I wish there were a way to know for sure which ones have the best chance of being safe, but I run a import business, and I know first hand about imports from China. A good batch of batteries does not mean that the next batch will be safe, or even that they were made in the same factory.


----------



## bseitz234 (Jun 7, 2013)

Keeping the above considerations in mind, I have come to trust Wasabi Power batteries. I have two of their LP-E6es, which have actually served me better than my OEM battery. I also use them in my GoPro and have had very good luck. They're on amazon for $15. Never heard of the others you mention, so I can't comment either way.


----------



## RGF (Jun 7, 2013)

Mt Spokane Photography said:


> What concerns me about batteries is not their life, but safety. Li-on batteries can be very dangerous, overheat, and even cause fires. They brought a UPS 747 down a few years back, and USPS no longer allows them or items containing them to be shipped internationally.
> 
> So, the problem is ... How do you tell?? Many batteries are made in back rooms in China from the cheapest possible materials and marketed with no QC but they claim to meet safety standards. some companies will tell you anything you want to hear.
> 
> ...



Agree. Why risk your camera to save a few quid?


----------



## andres5d3 (Jun 7, 2013)

i have been using batteries from dealextreme back then with my Canon XSi, the last fours years without issues, they last longer than the genuine canon LOL

the LP-E6 from the USA is $59 US at most stores; 3rd party ones can be as cheap as $20 apiece, i am testing these (dealextreme.com item #73101) ones right now (so far the first 10% of battery life lasts longer than the genuine canons), i have two genuine canons and will get two from (amazon UK from power plant: B003P58MHA), these were recommended by a photographer i have met online (he has done 10 yrs of photography and many 5D3's)


----------



## paul13walnut5 (Jun 7, 2013)

RGF said:


> Agree. Why risk your camera to save a few quid?

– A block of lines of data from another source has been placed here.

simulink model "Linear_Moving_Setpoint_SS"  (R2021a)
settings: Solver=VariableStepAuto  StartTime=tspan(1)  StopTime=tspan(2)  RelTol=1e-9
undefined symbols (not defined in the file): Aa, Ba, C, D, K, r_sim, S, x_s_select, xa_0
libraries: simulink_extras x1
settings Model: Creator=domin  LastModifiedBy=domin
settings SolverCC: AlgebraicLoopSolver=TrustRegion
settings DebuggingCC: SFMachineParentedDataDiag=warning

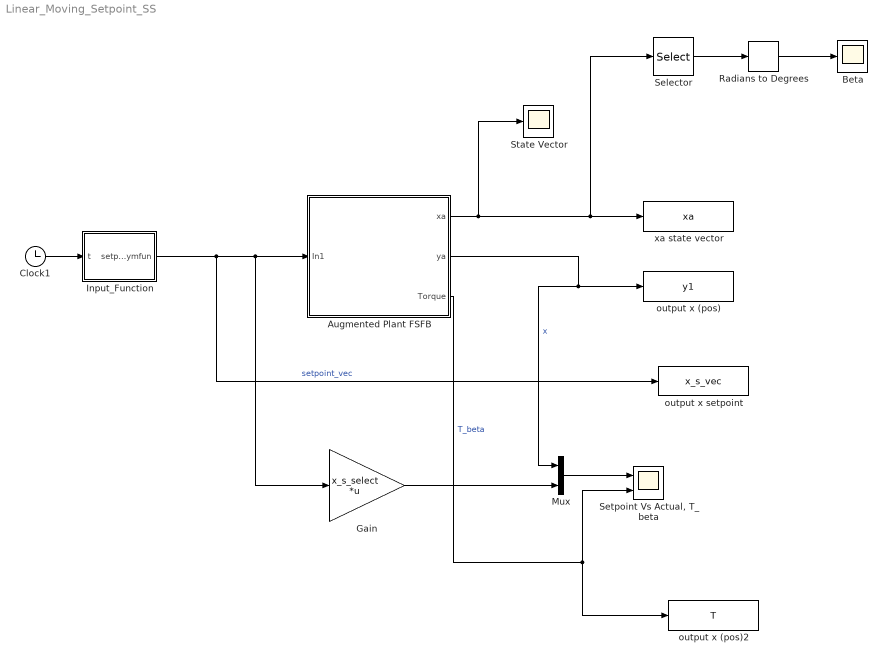
== system Linear_Moving_Setpoint_SS ==
  Augmented Plant FSFB : Subsystem
  Beta : Scope
  Clock1 : Clock
  Gain : Gain  Gain=x_s_select  Multiplication=Matrix(K*u)
  Input_Function : MATLAB Function  TreatAsAtomicUnit=on
  Mux : Mux  Inputs=2
  Radians to Degrees : simulink_extras/Transformations/Radians to Degrees
  Selector : Selector  InputPortWidth=5  IndexOptions=Index vector (dialog)  Indices=[2]  OutputSizes=1
  "Setpoint Vs Actual, T_beta" : Scope  NumInputPorts=2
  State Vector : Scope
  output x (pos) : ToWorkspace  VariableName=y1  SampleTime=-1
  output x (pos)2 : ToWorkspace  VariableName=T  SampleTime=-1
  output x setpoint : ToWorkspace  VariableName=x_s_vec  SampleTime=-1
  xa state vector : ToWorkspace  VariableName=xa  SampleTime=-1
  wires:
  Input_Function/1(setpoint_symfun) -> output x setpoint/1, Augmented Plant FSFB/1(In1), Gain/1  "setpoint_vec"
  Augmented Plant FSFB/2(ya) -> Mux/1, output x (pos)/1  "x"
  Augmented Plant FSFB/1(xa) -> Selector/1, xa state vector/1, State Vector/1
  Selector/1 -> Radians to Degrees/1
  Radians to Degrees/1 -> Beta/1
  Mux/1 -> "Setpoint Vs Actual, T_beta"/1
  Augmented Plant FSFB/3(Torque) -> output x (pos)2/1, "Setpoint Vs Actual, T_beta"/2  "T_beta"
  Gain/1 -> Mux/2
  Clock1/1 -> Input_Function/1(t)

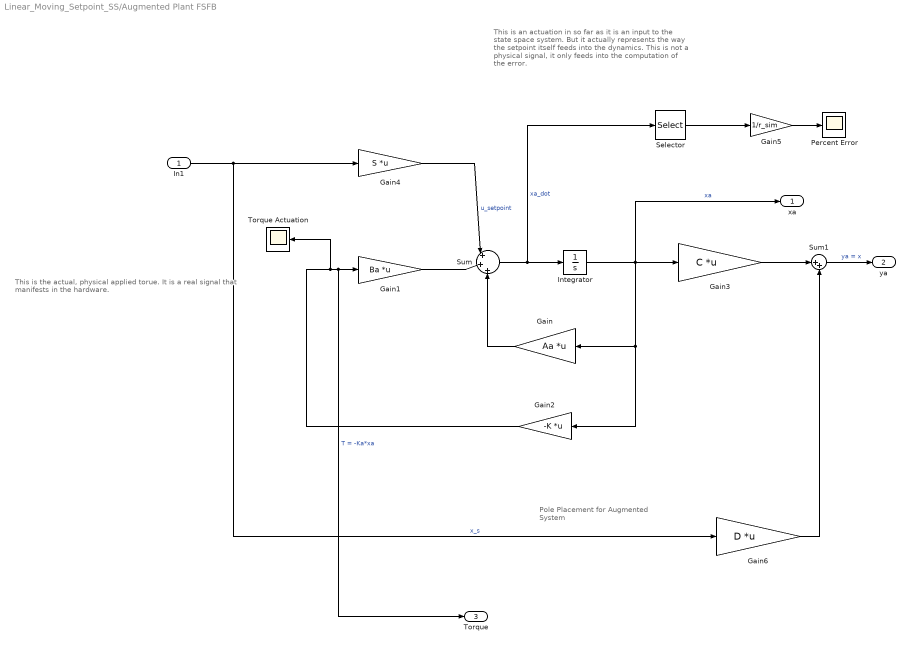
== system Linear_Moving_Setpoint_SS/Augmented Plant FSFB ==
  note: This is the actual, physical applied torue. It is a real signal
      | that manifests in the hardware.
  note: This is an actuation in so far as it is an input to the
      | state space system. But it actually represents the
      | way the setpoint itself feeds into the dynamics. This
      | is not a physical signal, it only feeds into the
      | computation of the error.
  note: Pole Placement for
      | Augmented System
  In1 : Inport
  Gain : Gain  Gain=Aa  Multiplication=Matrix(K*u)
  Gain1 : Gain  Gain=Ba  Multiplication=Matrix(K*u)
  Gain2 : Gain  Gain=-K  Multiplication=Matrix(K*u)
  Gain3 : Gain  Gain=C  Multiplication=Matrix(K*u)
  Gain4 : Gain  Gain=S  Multiplication=Matrix(K*u)
  Gain5 : Gain  Gain=1/r_sim
  Gain6 : Gain  Gain=D  Multiplication=Matrix(K*u)
  Integrator : Integrator  InitialCondition=xa_0
  Percent Error : Scope
  Selector : Selector  InputPortWidth=5  IndexOptions=Index vector (dialog)  Indices=[1]  OutputSizes=1
  Sum : Sum  Inputs=|+|+|+
  Sum1 : Sum  Inputs=|++
  Torque Actuation : Scope
  xa : Outport
  ya : Outport  Port=2
  Torque : Outport  Port=3
  wires:
  Gain1/1 -> Sum/2
  Sum/1 -> Selector/1, Integrator/1  "xa_dot"
  Integrator/1 -> xa/1, Gain2/1, Gain/1, Gain3/1  "xa"
  Gain3/1 -> Sum1/1
  Gain/1 -> Sum/3
  Gain2/1 -> Torque Actuation/1, Torque/1, Gain1/1  "T = -Ka*xa"
  In1/1 -> Gain4/1, Gain6/1  "x_s"
  Gain4/1 -> Sum/1  "u_setpoint"
  Gain5/1 -> Percent Error/1
  Selector/1 -> Gain5/1
  Sum1/1 -> ya/1  "ya = x"
  Gain6/1 -> Sum1/2

== matlab function Linear_Moving_Setpoint_SS/Input_Function ==
  data: t input; setpoint_symfun output
function setpoint_symfun = Input_Function(t)
%#codegen

%    This function was generated by the Symbolic Math Toolbox version 8.7.
%    27-Sep-2021 23:14:27

setpoint_symfun = sin((t.*pi)./2.0).*(exp(t.*(-5.0./4.0))-1.0).*-5.0e+1;

Well, because as explained, this month every penny saved is a bonus, an LP-E6 costs me the equivalent of $95 usd. I don't have a spare $190 this month, on top of the $240 repair, the remainder of the holiday thats due and my girlfriends ipad ($480 equivalent USD inc case)
On top of everything else that I have to pay out this month, I just can't afford it.

I did ask you not to.

Thanks for the positive replys.


----------



## marceloshak (Jun 7, 2013)

I bought serveral LP-E6 Wasabi Power brand from Amazon, they are cheap and very reliable. About USD 15 each or USD 30 2 batteries + charger.


----------



## Haydn1971 (Jun 7, 2013)

The battery in my 6D lasts me days when on holiday taking loads of photos - easily get over 800 shots off before starting to worry about a recharge - I'm staggered when people talk about having "several" in their kit bag ! What ya doing with them, powering a full flash studio ;-)


----------



## paul13walnut5 (Jun 7, 2013)

Haydn1971 said:


> The battery in my 6D lasts me days when on holiday taking loads of photos - easily get over 800 shots off before starting to worry about a recharge - I'm staggered when people talk about having "several" in their kit bag ! What ya doing with them, powering a full flash studio ;-)



No, video


----------